Woof_Terrorist said:


> What do I do with agility?* I want a big ball of fur to cuddle. Bigger the better.* :hug:


Seems like we've heard this before... aranoid:


----------



## msvette2u (Mar 20, 2006)

Woof_Terrorist said:


> I just said, I am wondering how big will he get, which some people answered. I like big dogs.
> Realistically I think he will top out at 28" 100lbs, but I sincerely hope he get to around 29 inches atleast and weighs around 105lbs. :wub:
> 
> He is being fed a balanced diet, given meds and supplements, brushed once a day, Vet visit twice a month, ears cleaned every other day, nails clipped once a week, wet wiped once a day, has a super expensive all natural grooming cosmetics, massages, play time, belly rubs. His meals are actually prepared by hand twice a day and he likes being hand fed. Jeez, I am sure some people wished they had a life like his. ROFL.
> ...


It must be nice to be independently wealthy...with all you do for your dog you must not have a life or job?? 



> I have never cleaned Grim's ears and he is 9.


Same here! Our GSD has no smell and gosh, we don't have avocado massages body salts and "natural grooming cosmetics" to assist. 
He's just that way naturally.


----------



## quality_sound (Aug 13, 2012)

Where do you measure height? Top of the shoulders?


----------



## JakodaCD OA (May 14, 2000)

from the floor along side the front legs up to the shoulder blades..


----------



## Woof_Terrorist (Aug 3, 2012)

msvette2u said:


> It must be nice to be independently wealthy...with all you do for your dog you must not have a life or job??
> .


Or I could have a wife finishing her PhD and is a lecturer, staying at home for the summer finishing her thesis, with lots of free time? And I have family visiting, so help with making the food and the rubs?

Hmmm, bit out of line comment, dont you think? Why do you care if I pamper my dog?  rofl. :crazy:


----------



## jaggirl47 (Jul 18, 2009)

Woof_Terrorist said:


> Or I could have a wife finishing her PhD and is a lecturer, staying at home for the summer finishing her thesis, with lots of free time? And I have family visiting, so help with making the food and the rubs?
> 
> Hmmm, bit out of line comment, dont you think? Why do you care if I pamper my dog?  rofl. :crazy:


 
99.9% of the people on the board pamper their pets. I think it's the fact that you said you took the dog to the vet twice a month. It's a bit extreme unless your dog has issues.


----------



## martemchik (Nov 23, 2010)

Ok don't take this the wrong way, but you made a list of things that tried to prove how great of a dog owner you are because people kind of jumped on you for wanting a dog out of standard. If you look up some threads on the forum you will see that people on here generally don't like people that go out of their way to breed a larger GSD. They also don't really like the people that support those breeders. It comes down to a macho thing of, my dog is bigger than yours but if you truly understand GSDs you know that size doesn't matter at all.

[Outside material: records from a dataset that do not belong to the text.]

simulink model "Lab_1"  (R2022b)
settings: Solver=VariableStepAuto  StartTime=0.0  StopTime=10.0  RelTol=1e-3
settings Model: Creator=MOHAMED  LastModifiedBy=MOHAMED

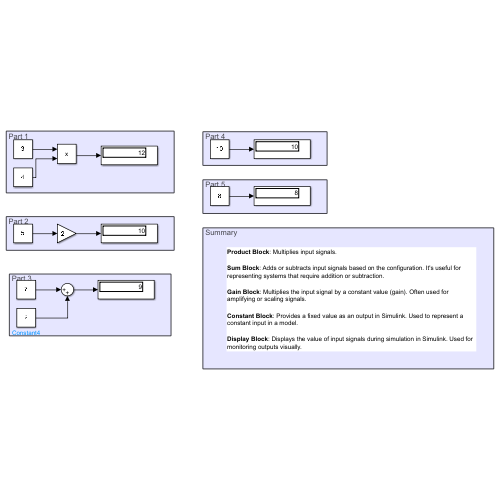
[thumbnail: Simulink's stored preview of the top-level diagram]
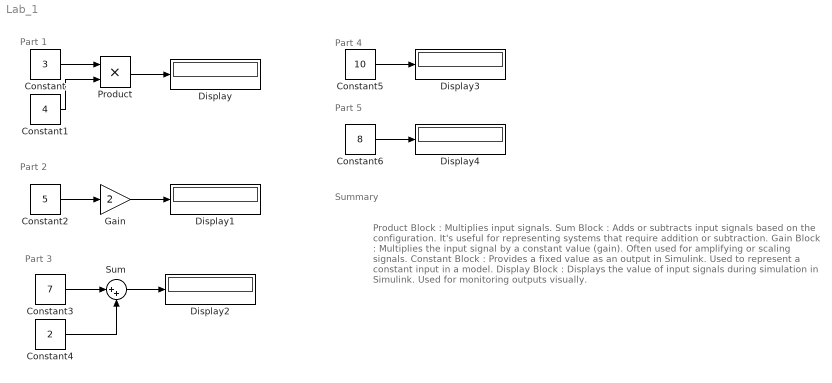
== system Lab_1 ==
  note: Summary
  note: Product Block : Multiplies input signals.
      |
      | Sum Block : Adds or subtracts input signals based on the configuration. It's useful for representing systems that require addition or subtraction.
      |
      | Gain Block : Multiplies the input signal by a constant value (gain). Often used for amplifying or scaling signals.
      |
      | Constant Block : Provides a fixed value as an output in Simulink. Used to represent a constant input in a model.
      |
      | Display Block : Displays the value of input signals during simulation in Simulink. Used for monitoring outputs visually.
  note: Part 5
  note: Part 4
  note: Part 3
  note: Part 2
  note: Part 1
  Constant : Constant  Value=3
  Constant1 : Constant  Value=4
  Constant2 : Constant  Value=5
  Constant3 : Constant  Value=7
  Constant4 : Constant  Value=2
  Constant5 : Constant  Value=10
  Constant6 : Constant  Value=8
  Display{,1..4} (5 alike) : Display
  Gain : Gain  Gain=2
  Product : Product
  Sum : Sum  Inputs=|++
  wires:
  Constant6/1 -> Display4/1
  Constant1/1 -> Product/2
  Constant/1 -> Product/1
  Sum/1 -> Display2/1
  Constant2/1 -> Gain/1
  Product/1 -> Display/1
  Constant3/1 -> Sum/1
  Constant5/1 -> Display3/1
  Constant4/1 -> Sum/2
  Gain/1 -> Display1/1

I think you're a great dog owner, you clearly love your dog, but your reason for wanting a larger dog isn't really cool. I know why you wrote your list, but some of those things are just comical...they don't make you any better of a dog owner than most people on this thread. Like...my goal is to take my dog to the vet once every two years now, does that make me a bad dog owner? My dog eats from a bowl...does that make me a worse dog owner?

Sorry...I just found some of your items really funny, wanted to point it out as more of a laugh than an attack at your dog ownership. 

I have a skinny 25" 85 lbs boy. He is 2 and is probably done filling out. He's heavy because he's longer than what the standard calls for so he will naturally carry more weight. I like that it's due to that rather than height though, taller dogs have more issues.


----------



## quality_sound (Aug 13, 2012)

JakodaCD OA said:


> from the floor along side the front legs up to the shoulder blades..


Got it. Time to measure Felix. Thanks!


Sent from my iPhone using PG Free


----------



## Good_Karma (Jun 28, 2009)

My male GSD is 28" at the withers and he weighs 85 pounds. I can't imagine how fat he'd look if he weighed 100 pounds.


----------



## msvette2u (Mar 20, 2006)

Woof_Terrorist said:


> Hmmm, bit out of line comment, dont you think? Why do you care if I pamper my dog?  rofl. :crazy:


Dogs don't need the things you listed. Dogs who live in mansions in Hollywood don't necessarily have it better than my pooches who are sacked out on the floor in front of a fan (102 out right now!)

We have a rescue and trust me...we don't look for that type owner. I'm happy with owners that treat their dogs as a member of the family and all that entails - good food, inside dog, yearly vet visits unless dog is sick...


> given meds


 What sort of meds do you give him daily? 

2x a month vet visits...all I can do is ask...why...? 
Do you just weigh him there or does the vet actually examine him? 

85lb. is what our last GSD weighed at 28" at the shoulder. He was not fat a day in his life.

Oh, our dogs' food is all prepared by hand too. We measure it and stick it in the bowl with our hands


----------



## carmspack (Feb 2, 2011)

YOU want a dog that is a big furry cuddle bug . 
Your DOG wants an active person to run with them, play active games that are rewarding and help forge a bond , to have his mind exercised -- . Now that would be pampering from the dogs perspective.

Carmen
CARMSPACK.com


----------



## Woof_Terrorist (Aug 3, 2012)

To the Moderator,
What kind of comments are you allowing? Is this a joke? I was considering purchasing membership here. ROFL :crazy:.

Please delete this thread, its weird and unnecessary with a lot of jealousy and personal attacks. Completely out of line. I have not gleaned anything useful from this thread, and since hate threads dont serve any purpose, just delete the whole thing. I am deleting my posts.


----------



## Woof_Terrorist (Aug 3, 2012)

Moderator,
I am unable to delete my posts. Please delete my posts from this thread.


----------



## Woof_Terrorist (Aug 3, 2012)

msvette2u said:


> Dogs don't need the things you listed. Dogs who live in mansions in Hollywood don't necessarily have it better than my pooches who are sacked out on the floor in front of a fan (102 out right now!)
> 
> We have a rescue and trust me...we don't look for that type owner.





msvette2u said:


> It must be nice to be independently wealthy...with all you do for your dog you must not have a life or job??
> 
> 
> Same here (never cleaned dogs ears)! Our GSD has no smell and gosh, we don't have avocado massages body salts and "natural grooming cosmetics" to assist.
> He's just that way naturally.


The above 2 comments are clearly personal attacks, offensive, pertaining to issues about the dog owner's life style and (Dare I say?) jealous (!!?), pointless finger pointing. 

Shame on the moderator for allowing such people to post with impunity. Not once, but twice!


----------